**What the task asks**.
Go through the listing and pick out each line with the word "hochreiner" in it.

**Records to use**.

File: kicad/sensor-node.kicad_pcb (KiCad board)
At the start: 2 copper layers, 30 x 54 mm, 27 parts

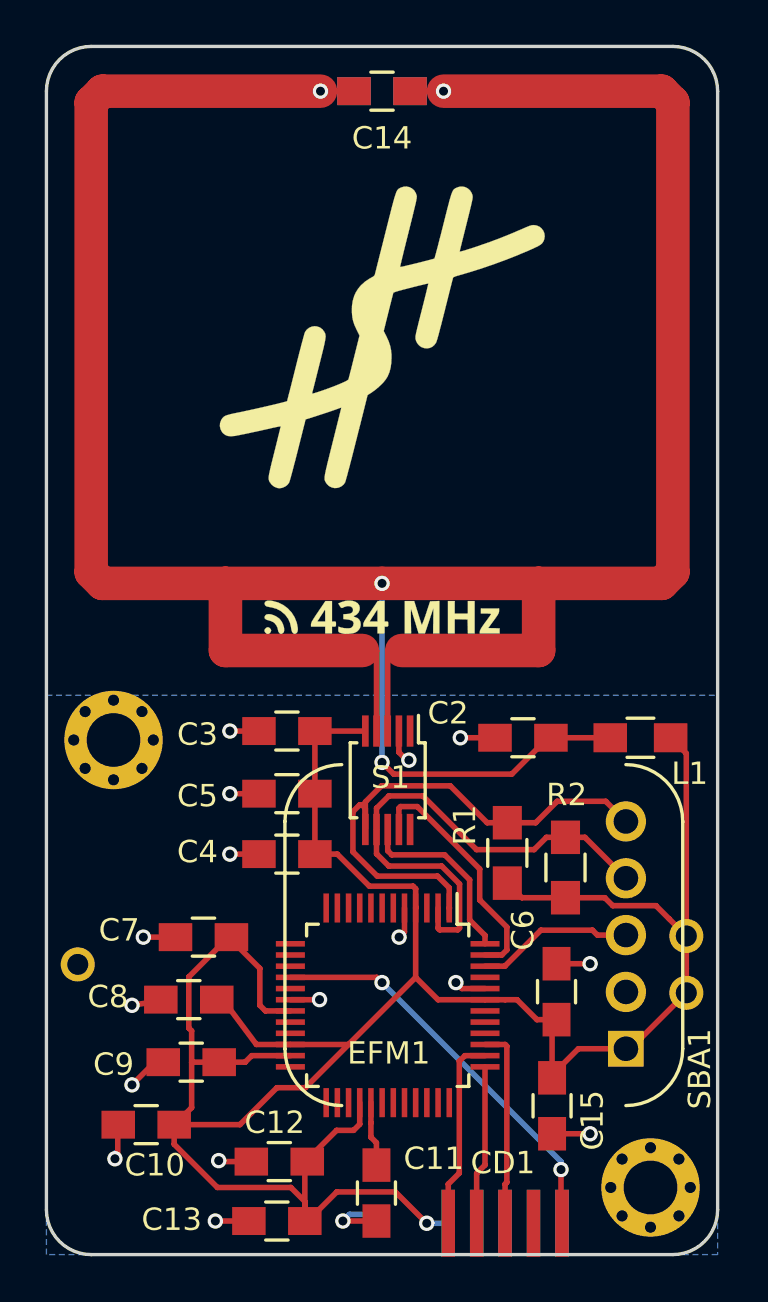
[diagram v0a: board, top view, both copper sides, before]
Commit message: fixed Si7012 pin assignment
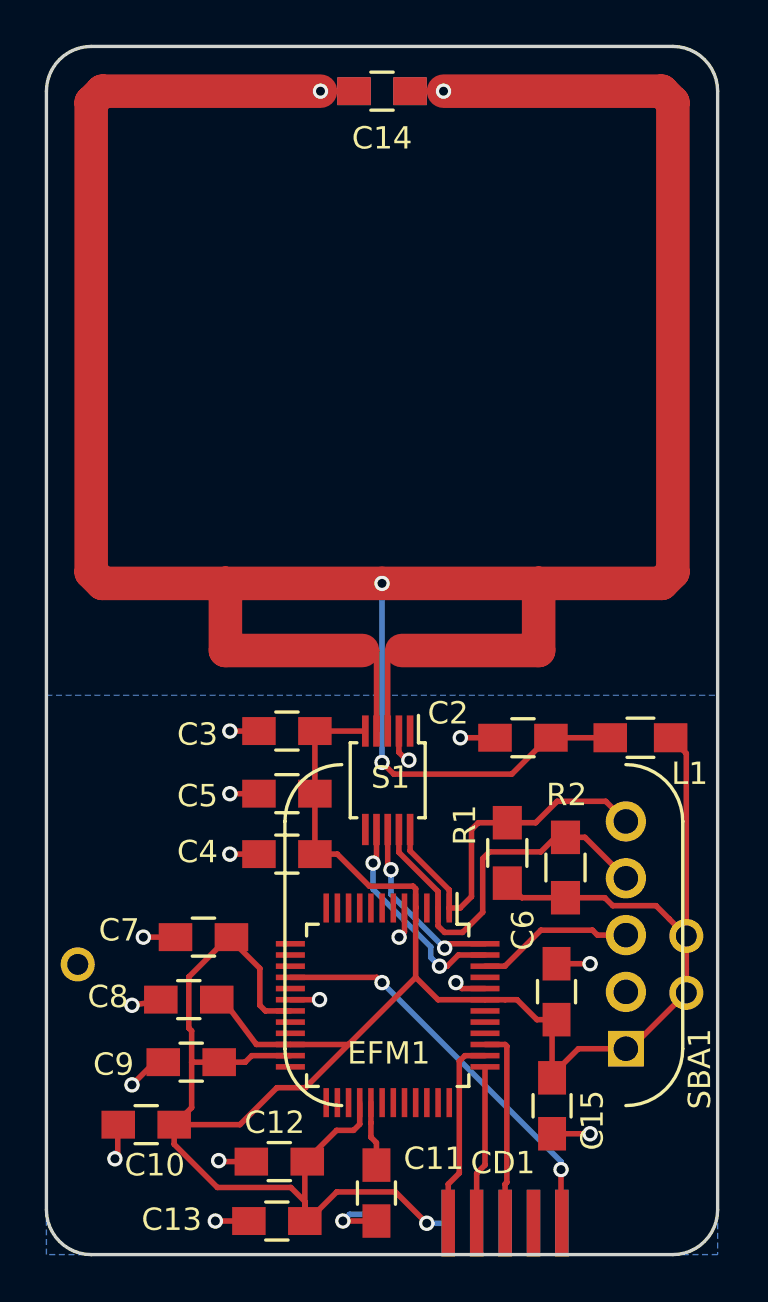
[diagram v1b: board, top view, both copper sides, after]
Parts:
- removed G***: LOGO, sensor-node-main:logo
- removed G***: LOGO, sensor-node-main:frequ
- removed REF** (x2): mounting, sensor-node:mounting
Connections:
- S1 pad 10: (no net) -> /SDA
- S1 pad 6: /SDA -> (no net)
- S1 pad 7: /SCL -> /RAD_INT
- S1 pad 9: /RAD_INT -> /SCL
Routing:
- net /SDA: track 25.4 -> 17.6 mm
- net /SCL: track 23.6 -> 17.5 mm
- net /RAD_INT: track 10.9 -> 9.65 mm, vias 0 -> 2
- net /RAD_ENABLE: track 8.30 -> 8.24 mm, vias 0 -> 2

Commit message: minor fix of the board
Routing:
- net GND: track 26.7 -> 27.5 mm
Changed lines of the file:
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@@
   (general
     (links 65)
-    (no_connects 1)
-    (area 137.070999 57.395999 167.221001 111.546001)
+    (no_connects 0)
+    (area 124.24918 56.4436 179.995999 119.171001)
     (thickness 0.8128)
     (drawings 12)
@@
   (segment (start 150.65 102.08) (end 148.05 102.08) (width 0.25) (layer F.Cu) (net 1))
   (segment (start 153.65 99.08) (end 150.65 102.08) (width 0.25) (layer F.Cu) (net 1))
+  (segment (start 156.75 99.58) (end 157.637 99.58) (width 0.25) (layer F.Cu) (net 2))
+  (segment (start 157.637 99.58) (end 158.246 98.971) (width 0.25) (layer F.Cu) (net 2))
+  (via (at 158.246 98.971) (size 0.69) (drill 0.4) (layers F.Cu B.Cu) (net 2))
+  (segment (start 153.15 95.98) (end 153.15 96.867) (width 0.25) (layer F.Cu) (net 2))
+  (segment (start 153.15 96.867) (end 152.446 97.571) (width 0.25) (layer F.Cu) (net 2))
+  (via (at 152.446 97.571) (size 0.69) (drill 0.4) (layers F.Cu B.Cu) (net 2))
   (segment (start 146.196 109.971) (end 144.696 109.971) (width 0.25) (layer F.Cu) (net 2))
   (via (at 144.696 109.971) (size 0.69) (drill 0.4) (layers F.Cu B.Cu) (net 2))
@@
   (via (at 140.208 107.188) (size 0.69) (drill 0.4) (layers F.Cu B.Cu) (net 2) (status 30))
   (via (at 140.97 103.886) (size 0.69) (drill 0.4) (layers F.Cu B.Cu) (net 2))
-  (via (at 152.908 97.282) (size 0.69) (drill 0.4) (layers F.Cu B.Cu) (net 2))
-  (via (at 155.448 99.314) (size 0.69) (drill 0.4) (layers F.Cu B.Cu) (net 2))
   (via (at 140.97 100.33) (size 0.69) (drill 0.4) (layers F.Cu B.Cu) (net 2))
   (via (at 149.352 100.076) (size 0.69) (drill 0.4) (layers F.Cu B.Cu) (net 2))
@@
   (segment (start 140.208 106.934) (end 140.208 107.188) (width 0.25) (layer B.Cu) (net 2))
   (segment (start 149.348 100.08) (end 149.352 100.076) (width 0.25) (layer F.Cu) (net 2))
-  (segment (start 153.15 95.98) (end 153.15 97.04) (width 0.25) (layer F.Cu) (net 2))
-  (segment (start 155.714 99.58) (end 155.448 99.314) (width 0.25) (layer F.Cu) (net 2))
   (segment (start 142.514 100.076) (end 140.97 100.33) (width 0.25) (layer F.Cu) (net 2) (status 10))
   (segment (start 140.335 107.061) (end 140.208 107.188) (width 0.25) (layer F.Cu) (net 2))
   (segment (start 140.335 105.664) (end 140.335 107.061) (width 0.25) (layer F.Cu) (net 2))
-  (segment (start 156.75 99.58) (end 155.714 99.58) (width 0.25) (layer F.Cu) (net 2))
   (segment (start 148.05 100.08) (end 149.348 100.08) (width 0.25) (layer F.Cu) (net 2))
   (segment (start 142.875 97.282) (end 141.478 97.282) (width 0.25) (layer F.Cu) (net 2))
-  (segment (start 153.15 97.04) (end 152.908 97.282) (width 0.25) (layer F.Cu) (net 2))
   (segment (start 142.367 102.87) (end 141.986 102.87) (width 0.25) (layer F.Cu) (net 2))
   (segment (start 141.986 102.87) (end 140.97 103.886) (width 0.25) (layer F.Cu) (net 2))

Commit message: increased version number of the board
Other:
- board text added: "www.hochreiner.net sensor node V1.0.1"
- board text removed: "www.hochreiner.net sensor node V1.0.0"
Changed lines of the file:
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@@
   )
   (setup
-    (last_trace_width 0.25)
+    (last_trace_width 0.1524)
     (user_trace_width 0.25)
     (trace_clearance 0.1524)
@@
     )
   )
-  (gr_text "www.hochreiner.net\nsensor node\nV1.0.0" (at 152.096 70.471) (layer B.SilkS)
+  (gr_text "www.hochreiner.net\nsensor node\nV1.0.1" (at 152.096 70.471) (layer B.SilkS)
     (effects (font (size 1.5 1.5) (thickness 0.3)) (justify mirror))
   )

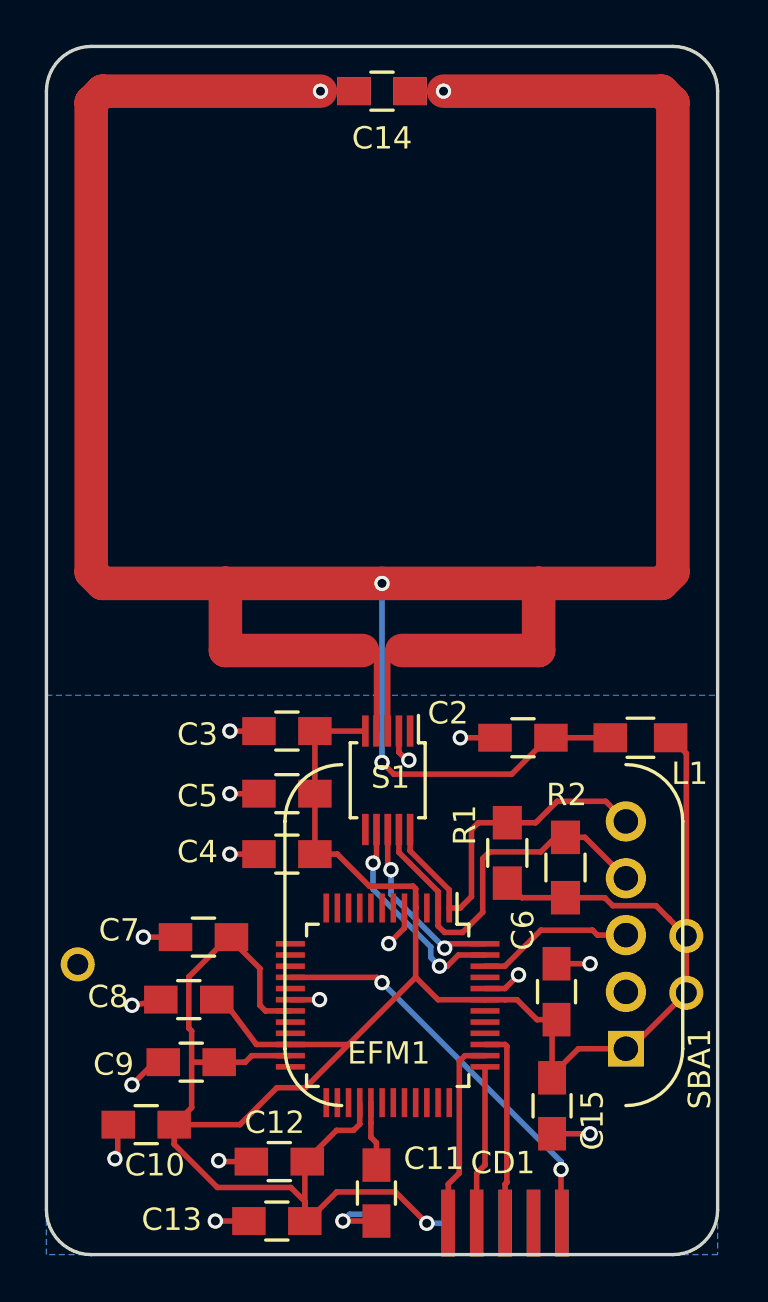
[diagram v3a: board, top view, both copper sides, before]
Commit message: added logo, mounting, and stitching vias
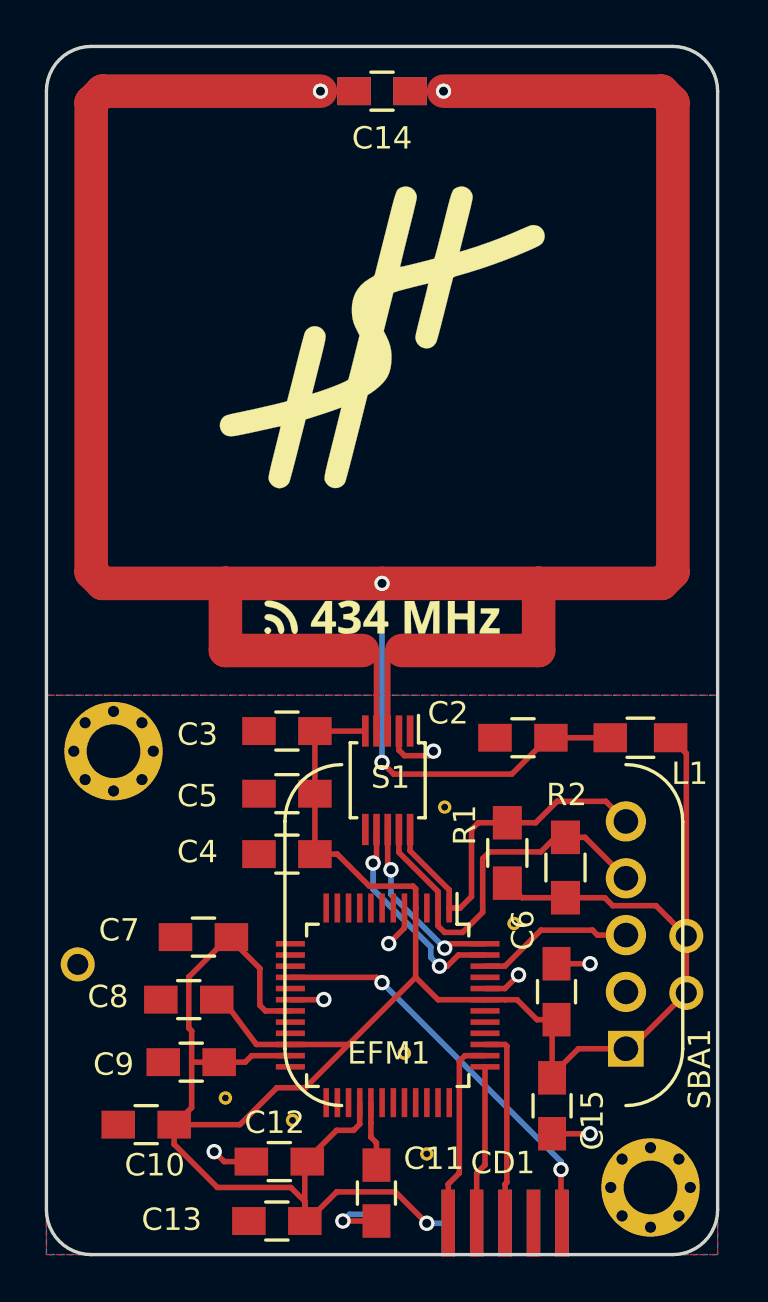
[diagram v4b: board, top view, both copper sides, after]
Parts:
- added G***: LOGO, sensor-node-main:frequ, F.Cu at (152.1, 83.0)
- added G***: LOGO, sensor-node-main:logo, F.Cu at (152.1, 70.5)
- added REF**: via-0.6mm, sensor-node:via-0.6mm, F.Cu at (158.0, 96.7)
- added REF**: via-0.6mm, sensor-node:via-0.6mm, F.Cu at (154.9, 91.5)
- added REF**: via-0.6mm, sensor-node:via-0.6mm, F.Cu at (154.1, 107.0)
- added REF**: via-0.6mm, sensor-node:via-0.6mm, F.Cu at (145.1, 104.5)
- added REF**: via-0.6mm, sensor-node:via-0.6mm, F.Cu at (148.1, 105.5)
- added REF**: mounting, sensor-node:mounting, F.Cu at (140.1, 89.0)
- added REF**: mounting, sensor-node:mounting, F.Cu at (164.1, 108.5)
- added REF**: via-0.6mm, sensor-node:via-0.6mm, F.Cu at (153.1, 102.5)
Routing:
- net GND: track 27.5 -> 16.0 mm, vias 17 -> 8
- added copper zone on F.Cu, net GND

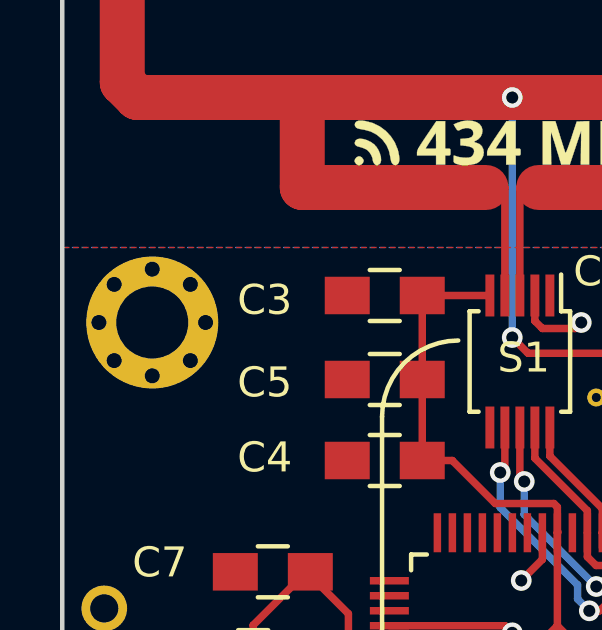
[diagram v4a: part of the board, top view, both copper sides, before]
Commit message: returned mounting hole to former position
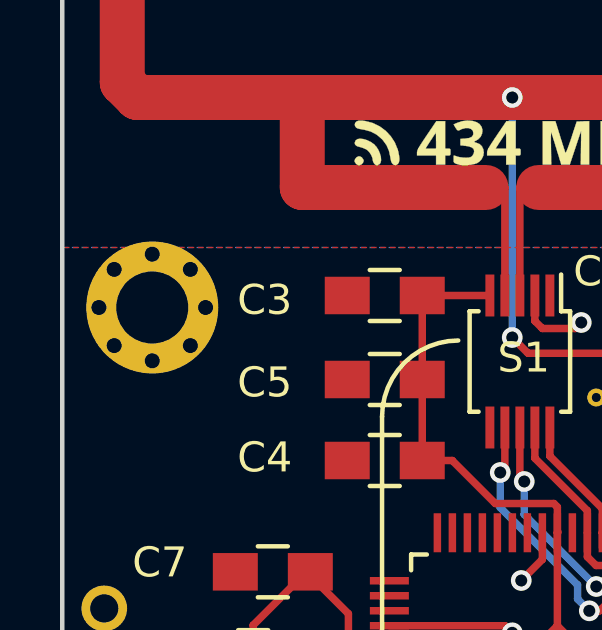
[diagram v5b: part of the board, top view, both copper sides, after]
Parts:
- moved REF** 0.50 mm to (140.1, 88.5)
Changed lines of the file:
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@@
 (kicad_pcb (version 4) (host pcbnew 4.0.6)
   (general
-    (links 0)
+    (links 89)
     (no_connects 0)
     (area 137.070999 57.395999 167.221001 111.546001)
@@
   )
   (setup
-    (last_trace_width 0.25)
+    (last_trace_width 0.1524)
     (user_trace_width 0.25)
     (trace_clearance 0.1524)
@@
   )
   (module sensor-node:mounting (layer F.Cu)
-    (at 140.146 88.971)
+    (at 140.146 88.471)
     (zone_connect 2)
     (fp_text reference REF** (at 0 0.5) (layer F.SilkS) hide

**Finished task**.
- board text added: "www.hochreiner.net sensor node V1.0.1"
- board text removed: "www.hochreiner.net sensor node V1.0.0"
-  (gr_text "www.hochreiner.net\nsensor node\nV1.0.0" (at 152.096 70.471) (layer B.SilkS)
+  (gr_text "www.hochreiner.net\nsensor node\nV1.0.1" (at 152.096 70.471) (layer B.SilkS)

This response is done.